Wood approached Schneider as he was distributing papers, and said “you don’t have permission to do this,” Schneider said. He then physically pulled the papers from Schneider’s hands. The school president also approached another student, who was also distributing papers, and did the same thing.

“I didn’t want to get into a tug of war,” Schneider said. He asked if he could have the papers back. White “stuttered for 10 seconds and said, ‘They’re being confiscated.'” White refused to return the papers, citing the necessity for prior permission, a requirement that is not found in the student handbook and was never stipulated for the distribution of The Ventriloquist’s 12 previous issues.

I contacted the school’s PR department for comment, and have gotten no response.

Last year, the New York Times noted that the resignations of William Brown, the former president, and Carl Ruby, vice president of student life were “widely viewed as strengthening the hands of the most conservative trustees, fearful of a more open Cedarville.”

Students have been struggling for a ‘more open Cedarville’ for longer than that, and The Ventriloquist has been an important part of that struggle: it was founded in 2010 as a response to censorship of the official Cedarville paper, Cedars, by university public relations staff.

The independent student paper, which is published with support by Generation Progress, a division of the nonpartisan research and educational institute Center for American Progress, has not always been well-received among Cedarville students. However, the issue prior to this one, Issue 12 (February 2014), “was quite popular — but not with the administration,” said Schneider, who speculated that one particular essay may have catalyzed White’s and Wood’s confiscation of Issue 13.

Issue 12 of The Ventriloquist featured  a first person essay by Avery Redic, a student who was active in student government and music ministry, and who also worked as a campus tour guide for university admissions. When administrators — Redic names Wood specifically — discovered that he was gay, they dismissed him from his leadership roles, although he had not broken any of the college’s rules and had remained celibate.


“With the Avery article there was less of the usual quick instinct [on the part of students] to defend the university…it’s on the record; verifiable. You either have to believe it or say he’s making it up.”

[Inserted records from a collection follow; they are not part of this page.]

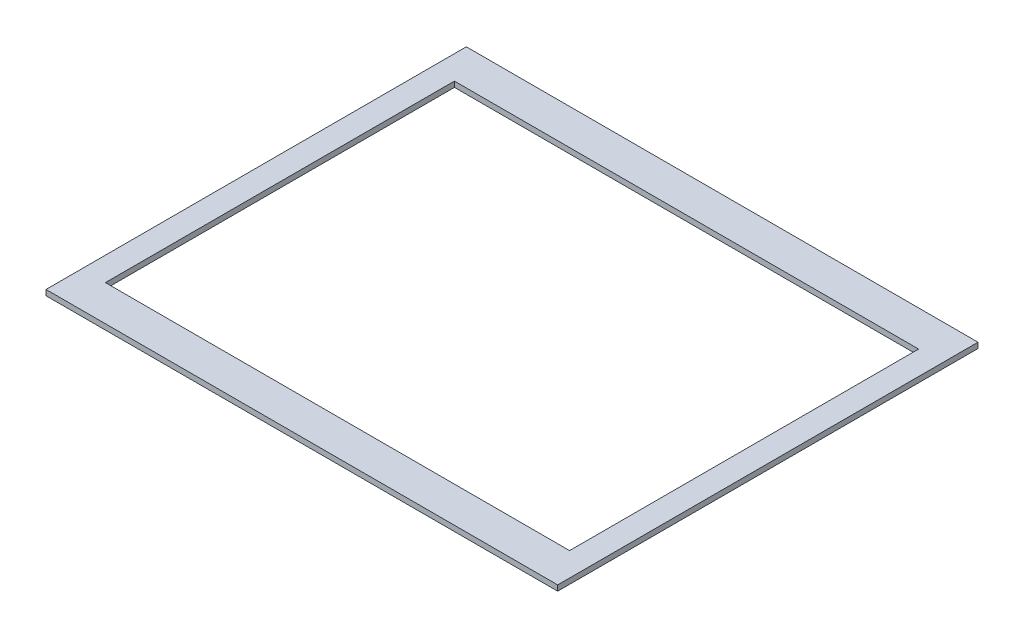
SolidWorks part; units mm, degrees
ref_plane "Front Plane" through (0, 0, 0) normal (0, 0, 1) x (1, 0, 0)
ref_plane "Top Plane" through (0, 0, 0) normal (0, 1, 0) x (1, 0, 0)
ref_plane "Right Plane" through (0, 0, 0) normal (1, 0, 0) x (0, 0, -1)
sketch "Sketch1" plane through (0, 0, 0) normal (0, 1, 0) x (1, 0, 0)
  line L0 (140, 230) -> (140, 210.5) construction
  line L1 (0, 0) -> (280, 0)
  line L2 (0, 0) -> (0, 230)
  line L3 (0, 230) -> (280, 230)
  line L4 (280, 0) -> (280, 230)
  line L5 (280, 210.5) -> (267, 210.5) construction
  line L6 (140, 0) -> (140, 19.5) construction
  line L7 (0, 19.5) -> (13, 19.5) construction
  line L9 (13, 19.5) -> (267, 19.5)
  line L10 (13, 19.5) -> (13, 210.5)
  line L11 (13, 210.5) -> (267, 210.5)
  line L12 (267, 19.5) -> (267, 210.5)
  dimension "D1" = 280
  dimension "D2" = 230
  dimension "D3" = 19.5
  dimension "D4" = 13
  dimension "D5" = 19.5
  dimension "D6" = 13
extrude "Boss-Extrude1" add sketch "Sketch1" along normal blind 3
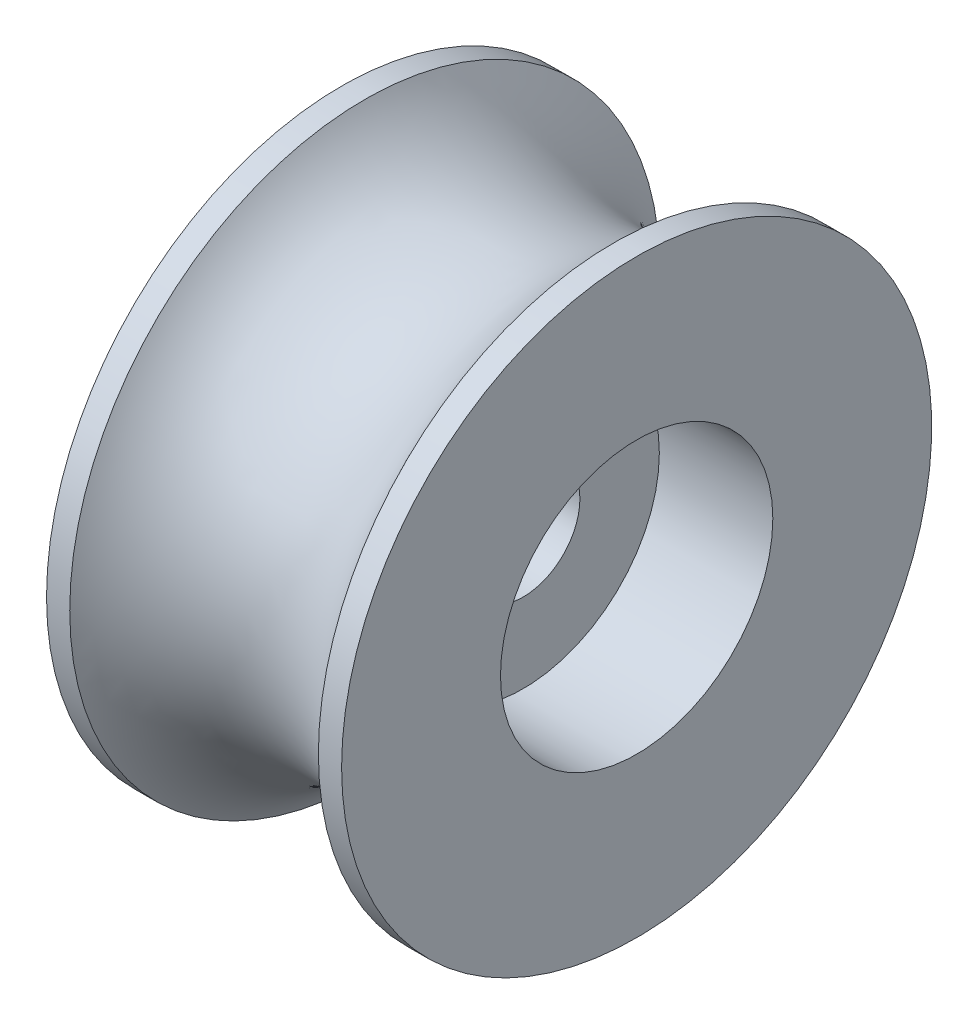
SolidWorks part; units mm, degrees
ref_plane "前视基准面" through (0, 0, 0) normal (0, 0, 1) x (1, 0, 0)
ref_plane "上视基准面" through (0, 0, 0) normal (0, 1, 0) x (1, 0, 0)
ref_plane "右视基准面" through (0, 0, 0) normal (1, 0, 0) x (0, 0, -1)
sketch "草图1" plane through (0, 0, 0) normal (0, 1, 0) x (1, 0, 0)
  line L0 (0, 10) -> (0, -6.5) construction
  line L1 (-6.5, 6.5) -> (6.5, 6.5) construction
  line L2 (-6.5, 6.5) -> (-6.5, -6.5)
  line L3 (-6.5, -6.5) -> (6.5, -6.5)
  line L4 (6.5, 6.5) -> (6.5, -6.5)
  line L5 (-6.5, 6.5) -> (6.5, -6.5) construction
  line L6 (-6.5, -6.5) -> (6.5, 6.5) construction
  line L7 (-5.4772, 6.5) -> (-6.5, 6.5)
  line L8 (5.4772, 6.5) -> (6.5, 6.5)
  line L9 (0, 3.5) -> (0, -6.5) construction
  circle A0 centre (0, 10) radius 6.5 construction
  arc A1 (-5.4772, 6.5) -> (5.4772, 6.5) centre (0, 10) ccw
  point P0 (0, 0)
  point P12 (0, 0)
  dimension "D3" = 13
  dimension "D1" = 10
  dimension "D2" = 13
  dimension "D4" = 13
revolve "旋转1" add sketch "草图1" angle 360 about L3
sketch "草图2" plane through (6.5, 0, 0) normal (1, 0, 0) x (0, 0, -1)
  circle A0 centre (-6.5, 0) radius 2.5
  dimension "D1" = 5
extrude "切除-拉伸1" cut sketch "草图2" against normal blind 55
sketch "草图3" plane through (6.5, 0, 0) normal (1, 0, 0) x (0, 0, -1)
  circle A0 centre (-6.5, 0) radius 6
  dimension "D1" = 12
extrude "切除-拉伸2" cut sketch "草图3" against normal blind 5
sketch "草图4" plane through (-6.5, 0, 0) normal (-1, 0, 0) x (0, 0, 1)
  circle A0 centre (6.5, 0) radius 6
  dimension "D1" = 12
extrude "切除-拉伸3" cut sketch "草图4" against normal blind 5
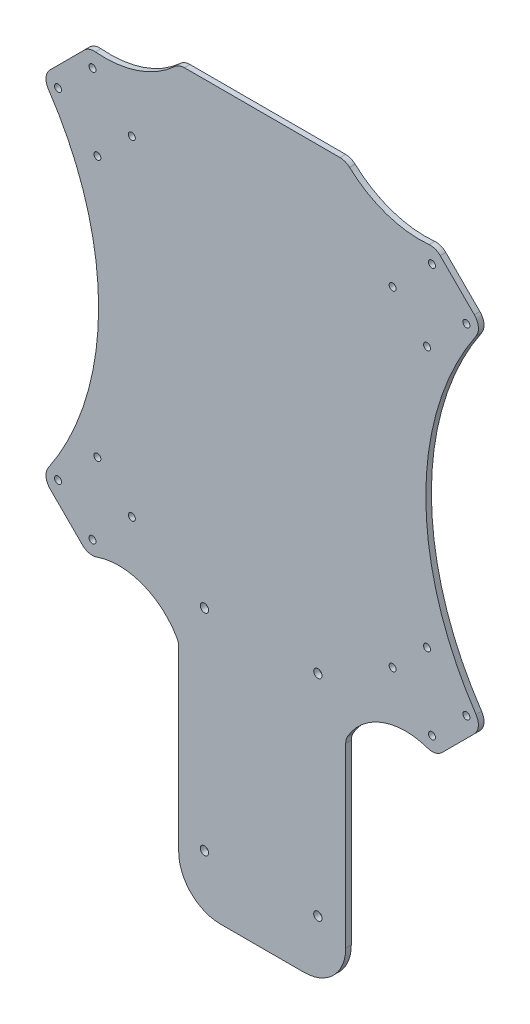
SolidWorks part; units mm, degrees
material "Hexcel AS4C (3000 Filaments)"
ref_plane "Front Plane" through (0, 0, 0) normal (0, 0, 1) x (1, 0, 0)
ref_plane "Top Plane" through (0, 0, 0) normal (0, 1, 0) x (1, 0, 0)
ref_plane "Right Plane" through (0, 0, 0) normal (1, 0, 0) x (0, 0, -1)
sketch "Sketch2" plane through (0, 0, 0) normal (0, 0, 1) x (1, 0, 0)
  line L0 (0, 0) -> (0, 50000) construction
  line L1 (0, 0) -> (35355.3391, 35355.3391) construction
  line L2 (0, 0) -> (35355.3391, -35355.3391) construction
  line L3 (-79.196, 62.2254) -> (-62.2254, 79.196)
  line L4 (0, 0) -> (-50000, 0) construction
  line L5 (-79.196, -62.2254) -> (-62.2254, -79.196)
  line L6 (30, 90) -> (-30, 90)
  line L7 (30, -90) -> (30, -155)
  line L8 (79.196, -62.2254) -> (62.2254, -79.196)
  line L9 (-30, -90) -> (-30, -155)
  line L10 (-15, -170) -> (15, -170)
  line L11 (79.196, 62.2254) -> (62.2254, 79.196)
  line L12 (-30, -90) -> (30, -170) construction
  line L13 (-30, -170) -> (30, -90) construction
  arc A0 (-79.196, 62.2254) -> (-79.196, -62.2254) centre (-163.8225, 0) cw
  arc A1 (-62.2254, 79.196) -> (-30, 90) centre (-56.6326, 115.976) ccw
  arc A2 (-62.2254, -79.196) -> (-30, -90) centre (-51.5147, -100.7107) cw
  arc A3 (15, -170) -> (30, -155) centre (15, -155) ccw
  arc A4 (-15, -170) -> (-30, -155) centre (-15, -155) cw
  arc A5 (62.2254, -79.196) -> (30, -90) centre (51.5147, -100.7107) ccw
  arc A6 (79.196, 62.2254) -> (79.196, -62.2254) centre (163.8225, 0) ccw
  arc A7 (62.2254, 79.196) -> (30, 90) centre (56.6326, 115.976) cw
  point P16 (-70.7107, 70.7107)
  point P24 (0, -130)
  point P32 (0, -170)
  point P45 (0, 90)
  dimension "D1" = 170
  dimension "D2" = 45
  dimension "D3" = 45
  dimension "D5" = 30
  dimension "D6" = 60
extrude "Boss-Extrude1" add sketch "Sketch2" along normal blind 2
sketch "Sketch3" plane through (0, 0, 2) normal (0, 0, 1) x (1, 0, 0)
  line L0 (-70.7107, 70.7107) -> (35284.6284, -35284.6284) construction
  line L1 (-79.196, 62.2254) -> (-62.2254, 79.196) construction
  line L2 (0, 90) -> (0, 50090) construction
  line L3 (30, 90) -> (-30, 90) construction
  line L4 (70.7107, 70.7107) -> (35426.0497, 35426.0497) construction
  line L5 (79.196, 62.2254) -> (62.2254, 79.196) construction
  line L6 (0, 0) -> (50000, 0) construction
  circle A0 centre (-73.3623, 60.988) radius 1.25
  circle A1 centre (-59.2202, 46.8458) radius 1.25
  circle A2 centre (-60.988, 73.3623) radius 1.25
  circle A3 centre (-46.8458, 59.2202) radius 1.25
  circle A4 centre (59.2202, 46.8458) radius 1.25
  circle A5 centre (73.3623, 60.988) radius 1.25
  circle A6 centre (60.988, 73.3623) radius 1.25
  circle A7 centre (46.8458, 59.2202) radius 1.25
  circle A8 centre (-59.2202, -46.8458) radius 1.25
  circle A9 centre (-46.8458, -59.2202) radius 1.25
  circle A10 centre (-60.988, -73.3623) radius 1.25
  circle A11 centre (-73.3623, -60.988) radius 1.25
  circle A12 centre (59.2202, -46.8458) radius 1.25
  circle A13 centre (73.3623, -60.988) radius 1.25
  circle A14 centre (60.988, -73.3623) radius 1.25
  circle A15 centre (46.8458, -59.2202) radius 1.25
  point P6 (-70.7107, 70.7107)
  point P17 (0, 90)
  point P30 (70.7107, 70.7107)
  dimension "D1" = 8.75
  dimension "D3" = 8.75
  dimension "D2" = 5
  dimension "D4" = 20
extrude "45 Degrees" cut sketch "Sketch3" against normal through all
sketch "Sketch4" plane through (0, 0, 2) normal (0, 0, 1) x (1, 0, 0)
  line L0 (30, -90) -> (30, -155) construction
  line L1 (-20.76, -74.5) -> (20, -74.5)
  line L2 (-20.76, -74.5) -> (-20.76, -150)
  line L3 (-20.76, -150) -> (20, -150)
  line L4 (20, -74.5) -> (20, -150)
  line L5 (-15, -170) -> (15, -170) construction
  circle A0 centre (-20.76, -150) radius 1.5
  circle A1 centre (20, -150) radius 1.5
  circle A2 centre (-20.76, -74.5) radius 1.5
  circle A3 centre (20, -74.5) radius 1.5
  dimension "D1" = 75.5
  dimension "D2" = 40.76
  dimension "D3" = 10
  dimension "D4" = 20
extrude "Cut-Extrude2" cut sketch "Sketch4" against normal through all contours A2 | A3 | A1 | A0
fillet "Fillet1" radius 5 1 edges at (-30, -90, 1)
fillet "Fillet2" radius 5 1 edges at (-62.2254, -79.196, 1)
fillet "Fillet3" radius 5 1 edges at (30, -90, 1)
fillet "Fillet4" radius 5 1 edges at (62.2254, -79.196, 1)
fillet "Fillet5" radius 5 1 edges at (79.196, -62.2254, 1)
fillet "Fillet6" radius 5 1 edges at (-79.196, -62.2254, 1)
fillet "Fillet7" radius 5 1 edges at (-79.196, 62.2254, 1)
fillet "Fillet8" radius 5 1 edges at (-62.2254, 79.196, 1)
fillet "Fillet9" radius 5 1 edges at (-30, 90, 1)
fillet "Fillet10" radius 5 1 edges at (30, 90, 1)
fillet "Fillet11" radius 5 1 edges at (62.2254, 79.196, 1)
fillet "Fillet12" radius 5 1 edges at (79.196, 62.2254, 1)
sketch "Sketch5" plane through (0, 0, 2) normal (0, 0, 1) x (1, 0, 0)
  line L0 (-62.1919, 74.1168) -> (-4609.0755, 2923.3707) construction
  line L1 (-59.8062, 63.4779) -> (-2909.0601, -4483.4057) construction
  line L2 (0, 0) -> (0, 50000) construction
  line L3 (27.9697, 90) -> (-27.9697, 90) construction
  line L4 (0, 0) -> (50000, 0) construction
  circle A0 centre (-60.988, 73.3623) radius 1.25
  circle A1 centre (-48.2774, 65.3974) radius 1.25
  circle A2 centre (-39.8591, 83.5394) radius 1.4408
  circle A3 centre (-50.368, 90.3098) radius 1.2775
  circle A4 centre (39.8591, 83.5394) radius 1.4408
  circle A5 centre (50.368, 90.3098) radius 1.2775
  circle A6 centre (48.2774, 65.3974) radius 1.25
  circle A7 centre (60.988, 73.3623) radius 1.25
  circle A8 centre (39.8591, -83.5394) radius 1.4408
  circle A9 centre (50.368, -90.3098) radius 1.2775
  circle A10 centre (60.988, -73.3623) radius 1.25
  circle A11 centre (48.2774, -65.3974) radius 1.25
  circle A12 centre (-39.8591, -83.5394) radius 1.4408
  circle A13 centre (-50.368, -90.3098) radius 1.2775
  circle A14 centre (-60.988, -73.3623) radius 1.25
  circle A15 centre (-48.2774, -65.3974) radius 1.25
  point P18 (0, 90)
  dimension "D2" = 8.75
  dimension "D1" = 6.25
  dimension "D3" = 20
  dimension "D4" = 20
  dimension "D5" = 6.25
  dimension "D6" = 6.25
extrude "35 Degrees" [suppressed] cut sketch "Sketch5" against normal through all

Comments on the online version were largely supportive of Redic.

Issue 12 also featured an anonymous article with the subtitle: “I’m Gay. Why I must live in fear at Cedarville.” All the articles in the papers’ first two issues (and many others) were published anonymously; much of the Ventriloquist’s reporting has been off-the-record out of necessity.

One student invited to comment on the situation declined to do so unless her comments would be “completely anonymous.”

“The university wanted the fundamentalist takeover but they didn’t necessarily want to get smeared in the press,” Schneider said, alluding to coercive silencing tactics employed by university administration. An additional source confirmed that multiple members of faculty and staff have been silenced by non-disclosure agreements.

Other students, such as Jasper White, commented via Facebook in favor of the move to shut down the Ventriloquist. “Amen! Go Dr. White,” he wrote. In response to other students and alum who questioned him, Jasper White wrote:

“It doesn’t matter who is in charge, God’s will is going to be accomplished no matter what; and obviously His will does not involve ‘The Ventriloquist’ at this point in time.”


Sarah Jones, an alumna of Cedarville who filed a Title IX complaint against the university in 2013 and now identifies as atheist, has published articles in The Ventriloquist as an alumna.

“What they’re doing is very important,” she said Thursday morning. “They’re amplifying personal experiences that the administration would like to silence.”

In a farewell essay — the confiscated issue is Schneider’s last as editor — Schneider wrote, “the goal of The Ventriloquist, put simply, is to counter ideological fascism.” But no student successor is apparent at this point. The future of the paper is, he said, “up in the air for now.”

Note: an earlier version of this article incorrectly stated that the university’s media policy prohibits students and faculty from speaking to the press without first speaking to PR. The policy applies to staff only.